Muitas pessoas persegue o caminho técnico, a partir da concepção de que um bom fotógrafo é aquele que sabe como mexer numa câmera. Para esses, a receita é saber usar o modo manual, comprar os melhores equipamentos, entender como usar os programas de edição de imagem.

Alguns outros irão pelo caminho do estudo da arte. Visitam museus, listam os movimentos da história da arte, conhecem os fotógrafos mais reconhecidos nesse campo. Fotografam conceitualmente, buscam ser originais e criar um estilo estético próprio.

Outros podem seguir o ideal jornalístico. Preocupam-se em encontrar eventos que sejam dignos de serem retratados. Estudam os melhores momentos e ângulos para transformar uma cena em uma imagem impactante.

Mais uma possibilidade é seguir o ideal publicitário. Fotografando objetos ou cenas de modo a embelezá-los, torná-los o mais atraentes possível. Geralmente focam na fotografia de estúdio, trabalhando com luzes, sombras, cores e formas. Têm como objetivo aquela fotografia perfeita e atrativa.

Matt Callow
Matt Callow

É claro que os exemplos acima são um pouco caricatos. As pessoas geralmente terão algum grau de mistura desses modelos, ou se identificarão com outros caminhos que não citei. Mas a intenção é apenas mostrar que estabelecemos mentalmente um caminho e acreditamos que lá no fim dele, onde o arco-íris acaba, estará esse pote de ouro, a “boa fotografia”.

A questão é que, lá no começo, quando pensamos “quero ser bom”, nós na verdade já caímos numa armadilha que pode nos afastar da criação, da expressão autêntica daquilo que somos e fotografamos. O “quero ser bom” cria um conceito, um ideal que é colocado lá na frente, e no momento em que passamos a persegui-lo, damos as costas para a alma da nossa fotografia, pois parece que tudo que fazemos antes desse momento futuro perde seu valor. Se tirarmos da frente esse conceito do que é bom ou ruim, percebemos que tudo aquilo que fotografamos é importante, bonito, significativo. Cada momento que passa torna-se inalcançável. E, enquanto nos preocupamos com os nossos próprios critérios para sermos bons, a vida, os momentos e as cenas escorrem pelos nossos dedos.

Nós não precisamos perseguir um ideal, nem nos preocuparmos com sermos bons. Por que desvalorizar o que se tem hoje para colocar lá na frente um objetivo, um dia milagroso em que seremos bons — em que só aí nossas fotografias serão dignas?
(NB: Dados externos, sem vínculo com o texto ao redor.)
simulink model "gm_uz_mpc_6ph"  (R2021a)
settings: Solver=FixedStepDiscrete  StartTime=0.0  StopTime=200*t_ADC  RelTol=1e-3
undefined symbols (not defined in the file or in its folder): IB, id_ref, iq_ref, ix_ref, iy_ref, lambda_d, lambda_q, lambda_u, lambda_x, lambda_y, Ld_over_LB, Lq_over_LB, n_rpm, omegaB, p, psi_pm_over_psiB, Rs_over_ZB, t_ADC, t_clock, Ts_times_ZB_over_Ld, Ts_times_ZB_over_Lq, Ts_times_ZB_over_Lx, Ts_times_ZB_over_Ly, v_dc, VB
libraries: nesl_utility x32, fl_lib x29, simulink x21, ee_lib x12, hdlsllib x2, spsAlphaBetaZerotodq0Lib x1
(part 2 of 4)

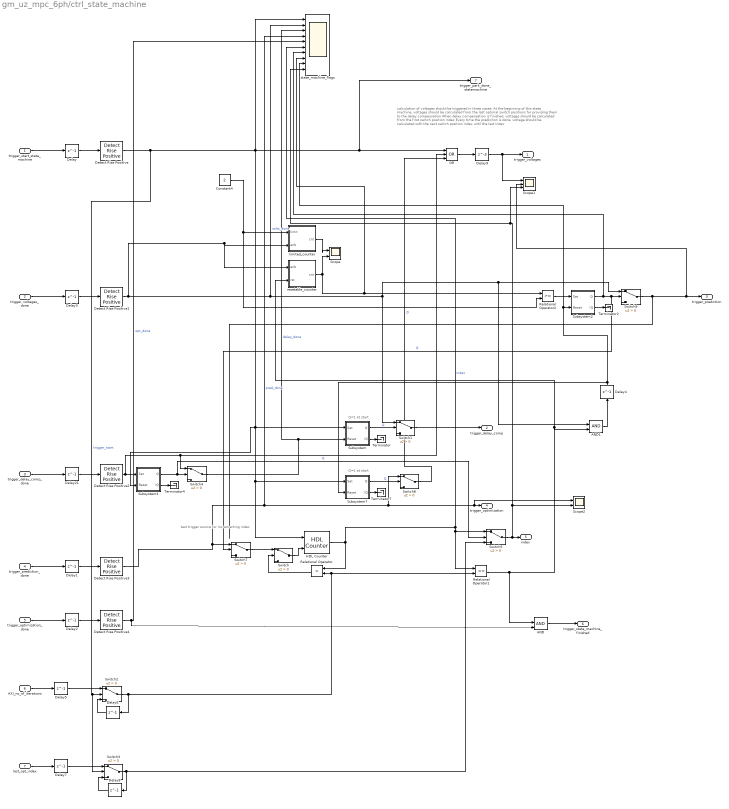
== system gm_uz_mpc_6ph/ctrl_state_machine ==
  note: Q=1 at start
  note: Q=1 at start
  note: calculation of voltages should be triggered in three cases:
      |
      | At the beginning of this state machine, voltages should be calculated from the last optimal switch positions for providing them to the delay compensation
      | When delay compensation is finished, voltages should be calculated from the first switch position index
      | Every time the prediciton is done, voltage should be calculated with the next switch position index until the last index
  note: test trigger source for incrementing index
  trigger_start_state_machine : Inport
  trigger_voltages_done : Inport  Port=2
  trigger_delay_comp_done : Inport  Port=3
  trigger_prediction_done : Inport  Port=4
  trigger_optimization_done : Inport  Port=5
  AXI_no_of_iterations : Inport  Port=6  OutDataTypeStr=uint32
  last_opt_index : Inport  Port=7  OutDataTypeStr=uint32
  AND : Logic  IconShape=distinctive  AllPortsSameDT=off  OutDataTypeStr=boolean
  AND1 : Logic  IconShape=distinctive  AllPortsSameDT=off  OutDataTypeStr=boolean
  Constant4 : Constant  Value=2  OutDataTypeStr=uint8  SampleTime=-1
  Delay{,1..8,21} (10 alike) : Delay  DelayLength=1
  Delay9 : Delay  DelayLength=3
  Detect Rise Positive{,1..4} (5 alike) : simulink/Logic and Bit Operations/Detect Rise Positive  vinit=0  OutDataTypeStr=boolean
  HDL Counter : hdlsllib/Sources/HDL Counter  CountType=Free running  CountInit=1  CountStep=1  CountMax=25  CountFromType=Initial value  CountFrom=1  CountResetPort=on  CountLoadPort=off  CountEnbPort=on  CountDirPort=off  CountHitOutputPort=off  CountDataType=Unsigned  CountWordLen=32  CountFracLen=0  CountSampTime=1
  OR : Logic  Operator=OR  Inputs=3  IconShape=distinctive  AllPortsSameDT=off  OutDataTypeStr=boolean
  Relational Operator : RelationalOperator  Operator=<  OutDataTypeStr=boolean  RndMeth=Simplest
  Relational Operator1 : RelationalOperator  Operator===  OutDataTypeStr=boolean  RndMeth=Simplest
  Relational Operator2 : RelationalOperator  OutDataTypeStr=boolean  RndMeth=Simplest
  Scope : Scope  NumInputPorts=2
  Scope1 : Scope  NumInputPorts=3
  Scope2 : Scope  NumInputPorts=2
  Subsystem : Subsystem
  Subsystem2 : Subsystem
  Subsystem4 : Subsystem
  Subsystem7 : Subsystem
  Switch{,1..5,7..9} (9 alike) : Switch  Criteria=u2 > Threshold
  Terminator{,2,4,7} (4 alike) : Terminator
  limited_counter : Subsystem
  resetable_counter : Subsystem
  state_machine_flags : Scope  NumInputPorts=10
  trigger_voltages : Outport  VectorParamsAs1DForOutWhenUnconnected=off
  trigger_delay_comp : Outport  Port=2  VectorParamsAs1DForOutWhenUnconnected=off
  trigger_prediction : Outport  Port=3  VectorParamsAs1DForOutWhenUnconnected=off
  trigger_optimization : Outport  Port=4  VectorParamsAs1DForOutWhenUnconnected=off
  index : Outport  Port=5  VectorParamsAs1DForOutWhenUnconnected=off
  trigger_state_machine_finished : Outport  Port=6  VectorParamsAs1DForOutWhenUnconnected=off
  trigger_park_done_statemachine : Outport  Port=7  VectorParamsAs1DForOutWhenUnconnected=off
  wires:
  Delay9/1 -> trigger_voltages/1, Scope1/1
  OR/1 -> Delay9/1
  Switch5/1 -> index/1, Scope2/2, state_machine_flags/10, Scope1/3
  Delay8/1 -> Switch3/3
  Delay7/1 -> Switch3/1
  Switch3/1 -> Delay8/1, Switch5/3
  last_opt_index/1 -> Delay7/1
  Delay6/1 -> Switch2/3
  Delay5/1 -> Switch2/1
  AXI_no_of_iterations/1 -> Delay5/1
  Subsystem7/1(Q) -> Switch8/2  "Q"
  Subsystem7/2(!Q) -> Terminator7/1
  Switch8/1 -> OR/3  "Q"
  Delay4/1 -> Subsystem7/2(Reset), Subsystem2/2(Reset), state_machine_flags/9
  AND1/1 -> Delay4/1
  AND/1 -> trigger_state_machine_finished/1
  Switch9/1 -> trigger_prediction/1, Scope1/2
  Relational Operator1/1 -> AND/1, resetable_counter/2(rst), AND1/2
  resetable_counter/1(cnt) -> Relational Operator2/1, state_machine_flags/8, Scope/2
  Switch7/1 -> Switch/1
  Detect Rise Positive4/1 -> AND/2, state_machine_flags/5  "opt_done"
  HDL Counter/1 -> Relational Operator/1, state_machine_flags/6, Relational Operator1/1, Switch5/1  "index"
  Switch/1 -> HDL Counter/2
  Detect Rise Positive3/1 -> trigger_optimization/1, Scope2/1, Switch8/1, state_machine_flags/4, Switch7/1  "pred_done"
  limited_counter/1(cnt) -> Scope/1
  Relational Operator2/1 -> Subsystem2/1(Set)
  Constant4/1 -> limited_counter/1(limit), Relational Operator2/2
  Subsystem2/1(Q) -> Switch9/2, Switch7/2, state_machine_flags/7  "Q"
  Subsystem2/2(!Q) -> Terminator2/1
  Delay3/1 -> Detect Rise Positive1/1
  Detect Rise Positive1/1 -> Switch1/1, Switch9/1, AND1/1, state_machine_flags/2, limited_counter/2(enb), resetable_counter/1(enb)  "volts_done"
  Switch4/1 -> Subsystem/2(Reset), state_machine_flags/3  "delay_done"
  Detect Rise Positive2/1 -> Subsystem4/1(Set), Switch4/1, OR/2
  Subsystem4/2(!Q) -> Terminator4/1
  Subsystem4/1(Q) -> Switch4/2, Switch5/2  "Q"
  trigger_prediction_done/1 -> Delay1/1
  Delay1/1 -> Detect Rise Positive3/1
  trigger_optimization_done/1 -> Delay2/1
  Delay2/1 -> Detect Rise Positive4/1
  trigger_start_state_machine/1 -> Delay/1
  Delay/1 -> Detect Rise Positive/1
  Delay21/1 -> Detect Rise Positive2/1
  trigger_delay_comp_done/1 -> Delay21/1
  trigger_voltages_done/1 -> Delay3/1
  Switch1/1 -> trigger_delay_comp/1
  Subsystem/2(!Q) -> Terminator/1
  Subsystem/1(Q) -> Switch1/2  "Q"
  Detect Rise Positive/1 -> OR/1, trigger_park_done_statemachine/1, Subsystem4/2(Reset), Subsystem/1(Set), Subsystem7/1(Set), HDL Counter/1, state_machine_flags/1, Switch2/2, Switch3/2  "trigger_start"
  Relational Operator/1 -> Switch/2
  Switch2/1 -> Relational Operator1/2, Relational Operator/2, Delay6/1

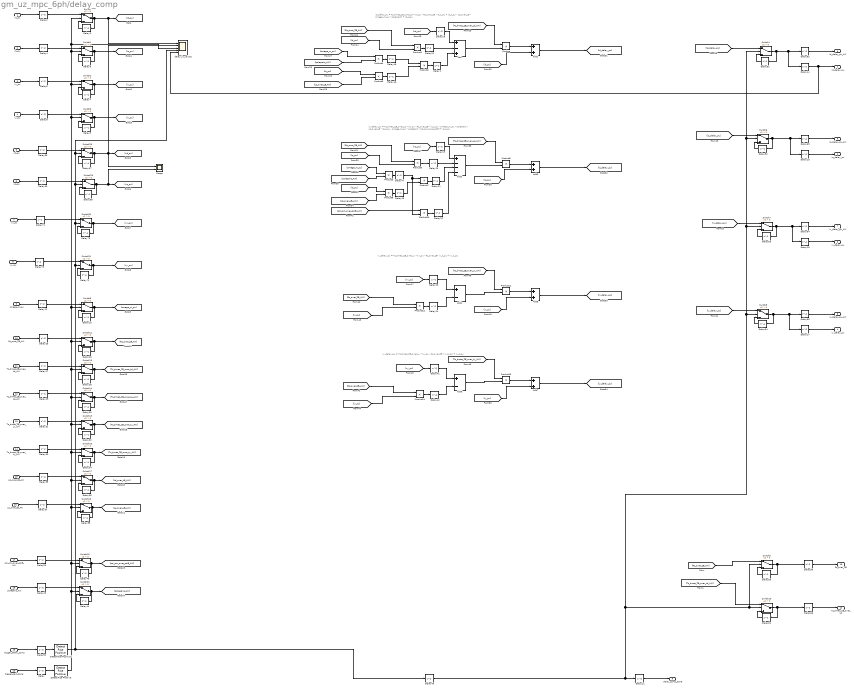
== system gm_uz_mpc_6ph/delay_comp ==
  note: id_delay_pu = Ts_times_ZB_over_Ld *(vd_pu - Rs_over_ZB * id_k_pu + iq_k_pu * Lq_over_LB * omega_m_pu * polepairs) + id_k_pu
  note: iq_delay_pu = Ts_times_ZB_over_Lq *(vq_pu - Rs_over_ZB * iq_k_pu - omega_m_pu * polepairs * Ld_over_LB * id_k_pu - omega_m_pu * polepairs * psi_pm_over_psiB) + iq_k_pu
  note: ix_delay_pu = Ts_times_ZB_over_Lx *(vx_pu - Rs_over_ZB* ix_k_pu) + ix_k_pu
  note: iy_delay_pu = Ts_times_ZB_over_Ly *(vy_pu - Rs_over_ZB * iy_k_pu) + iy_k_pu
  id_pu : Inport  OutDataTypeStr=fixdt_type_dq_currents
  iq_pu : Inport  Port=2  OutDataTypeStr=fixdt_type_dq_currents
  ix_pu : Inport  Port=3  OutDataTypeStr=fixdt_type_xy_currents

Em vez disso, podemos focar em cada passo que damos nesse caminho, olhando para o agora e não para o futuro. Entrar em contato com o assunto, com a cena, com o momento. Fotografar como se cada fotografia fosse a única. Porque, se você pensar, não existe essa boa fotografia futura. Só existe, para sempre, aquela que você está fazendo agora.